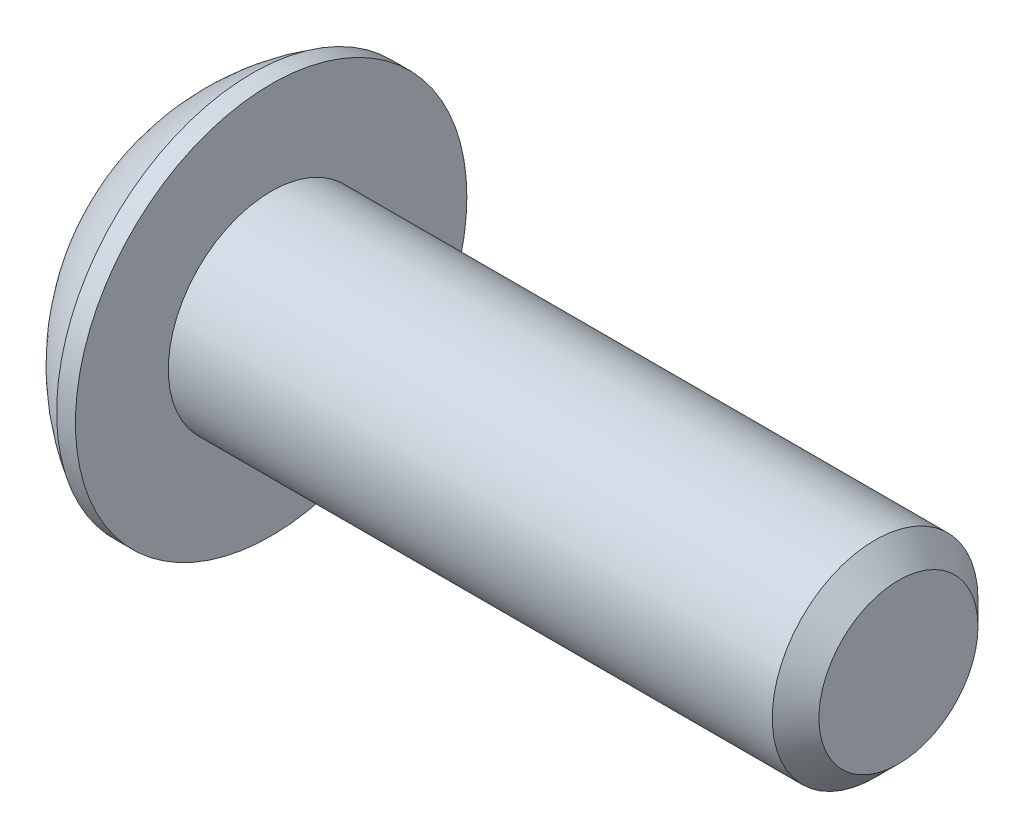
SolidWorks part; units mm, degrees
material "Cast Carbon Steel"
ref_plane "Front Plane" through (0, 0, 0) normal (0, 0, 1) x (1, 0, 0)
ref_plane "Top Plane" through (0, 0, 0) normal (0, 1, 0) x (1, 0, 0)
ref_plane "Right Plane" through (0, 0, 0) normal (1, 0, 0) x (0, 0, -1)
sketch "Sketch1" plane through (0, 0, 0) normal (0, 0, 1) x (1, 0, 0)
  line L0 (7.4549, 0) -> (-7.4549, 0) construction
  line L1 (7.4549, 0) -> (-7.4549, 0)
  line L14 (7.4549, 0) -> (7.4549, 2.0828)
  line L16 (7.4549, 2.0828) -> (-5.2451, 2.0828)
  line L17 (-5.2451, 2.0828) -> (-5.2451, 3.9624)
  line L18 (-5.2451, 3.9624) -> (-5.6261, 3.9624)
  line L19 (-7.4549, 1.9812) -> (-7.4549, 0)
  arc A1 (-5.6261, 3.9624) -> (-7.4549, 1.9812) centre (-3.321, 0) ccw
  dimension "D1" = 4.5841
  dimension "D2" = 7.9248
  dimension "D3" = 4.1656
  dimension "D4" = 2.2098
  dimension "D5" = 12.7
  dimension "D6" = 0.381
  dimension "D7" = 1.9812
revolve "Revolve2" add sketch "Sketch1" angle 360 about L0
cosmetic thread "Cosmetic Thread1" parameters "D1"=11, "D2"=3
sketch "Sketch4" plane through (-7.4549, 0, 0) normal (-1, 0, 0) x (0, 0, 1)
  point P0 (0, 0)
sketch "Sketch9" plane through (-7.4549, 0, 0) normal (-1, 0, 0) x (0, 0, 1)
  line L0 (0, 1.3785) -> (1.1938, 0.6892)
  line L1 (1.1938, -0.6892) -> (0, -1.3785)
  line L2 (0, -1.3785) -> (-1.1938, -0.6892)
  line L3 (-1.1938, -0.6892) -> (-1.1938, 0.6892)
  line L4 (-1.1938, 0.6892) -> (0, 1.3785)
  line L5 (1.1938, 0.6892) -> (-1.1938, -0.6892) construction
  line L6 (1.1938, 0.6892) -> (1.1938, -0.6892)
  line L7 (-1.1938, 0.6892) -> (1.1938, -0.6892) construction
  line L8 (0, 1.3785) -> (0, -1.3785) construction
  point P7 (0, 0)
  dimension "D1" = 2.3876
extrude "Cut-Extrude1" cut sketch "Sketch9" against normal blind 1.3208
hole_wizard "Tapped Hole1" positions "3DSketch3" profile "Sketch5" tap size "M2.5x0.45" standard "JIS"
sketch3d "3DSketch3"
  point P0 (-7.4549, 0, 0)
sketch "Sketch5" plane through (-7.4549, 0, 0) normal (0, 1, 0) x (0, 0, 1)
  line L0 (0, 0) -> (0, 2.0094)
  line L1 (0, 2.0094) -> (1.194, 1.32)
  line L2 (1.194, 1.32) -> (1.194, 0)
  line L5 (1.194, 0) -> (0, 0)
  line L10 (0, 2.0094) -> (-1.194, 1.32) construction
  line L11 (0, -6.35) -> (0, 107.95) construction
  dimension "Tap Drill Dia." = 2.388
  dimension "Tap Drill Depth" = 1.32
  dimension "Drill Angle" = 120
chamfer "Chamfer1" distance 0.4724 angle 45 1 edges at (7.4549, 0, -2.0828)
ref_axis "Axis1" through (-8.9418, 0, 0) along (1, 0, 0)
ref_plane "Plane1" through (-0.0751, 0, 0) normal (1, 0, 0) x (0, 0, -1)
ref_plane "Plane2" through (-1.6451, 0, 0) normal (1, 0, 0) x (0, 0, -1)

■ ■ ■ ■ ■ ■ ■

_EXERCISE REQUIREMENTS_
Could you restate, word for word, the lines above from the one with "point P0 (0, 0)" to the one with "line L0 (0, 0) -> (0, 2.0094)", both included?

_YOUR SOLUTION_
  point P0 (0, 0)
sketch "Sketch9" plane through (-7.4549, 0, 0) normal (-1, 0, 0) x (0, 0, 1)
  line L0 (0, 1.3785) -> (1.1938, 0.6892)
  line L1 (1.1938, -0.6892) -> (0, -1.3785)
  line L2 (0, -1.3785) -> (-1.1938, -0.6892)
  line L3 (-1.1938, -0.6892) -> (-1.1938, 0.6892)
  line L4 (-1.1938, 0.6892) -> (0, 1.3785)
  line L5 (1.1938, 0.6892) -> (-1.1938, -0.6892) construction
  line L6 (1.1938, 0.6892) -> (1.1938, -0.6892)
  line L7 (-1.1938, 0.6892) -> (1.1938, -0.6892) construction
  line L8 (0, 1.3785) -> (0, -1.3785) construction
  point P7 (0, 0)
  dimension "D1" = 2.3876
extrude "Cut-Extrude1" cut sketch "Sketch9" against normal blind 1.3208
hole_wizard "Tapped Hole1" positions "3DSketch3" profile "Sketch5" tap size "M2.5x0.45" standard "JIS"
sketch3d "3DSketch3"
  point P0 (-7.4549, 0, 0)
sketch "Sketch5" plane through (-7.4549, 0, 0) normal (0, 1, 0) x (0, 0, 1)
  line L0 (0, 0) -> (0, 2.0094)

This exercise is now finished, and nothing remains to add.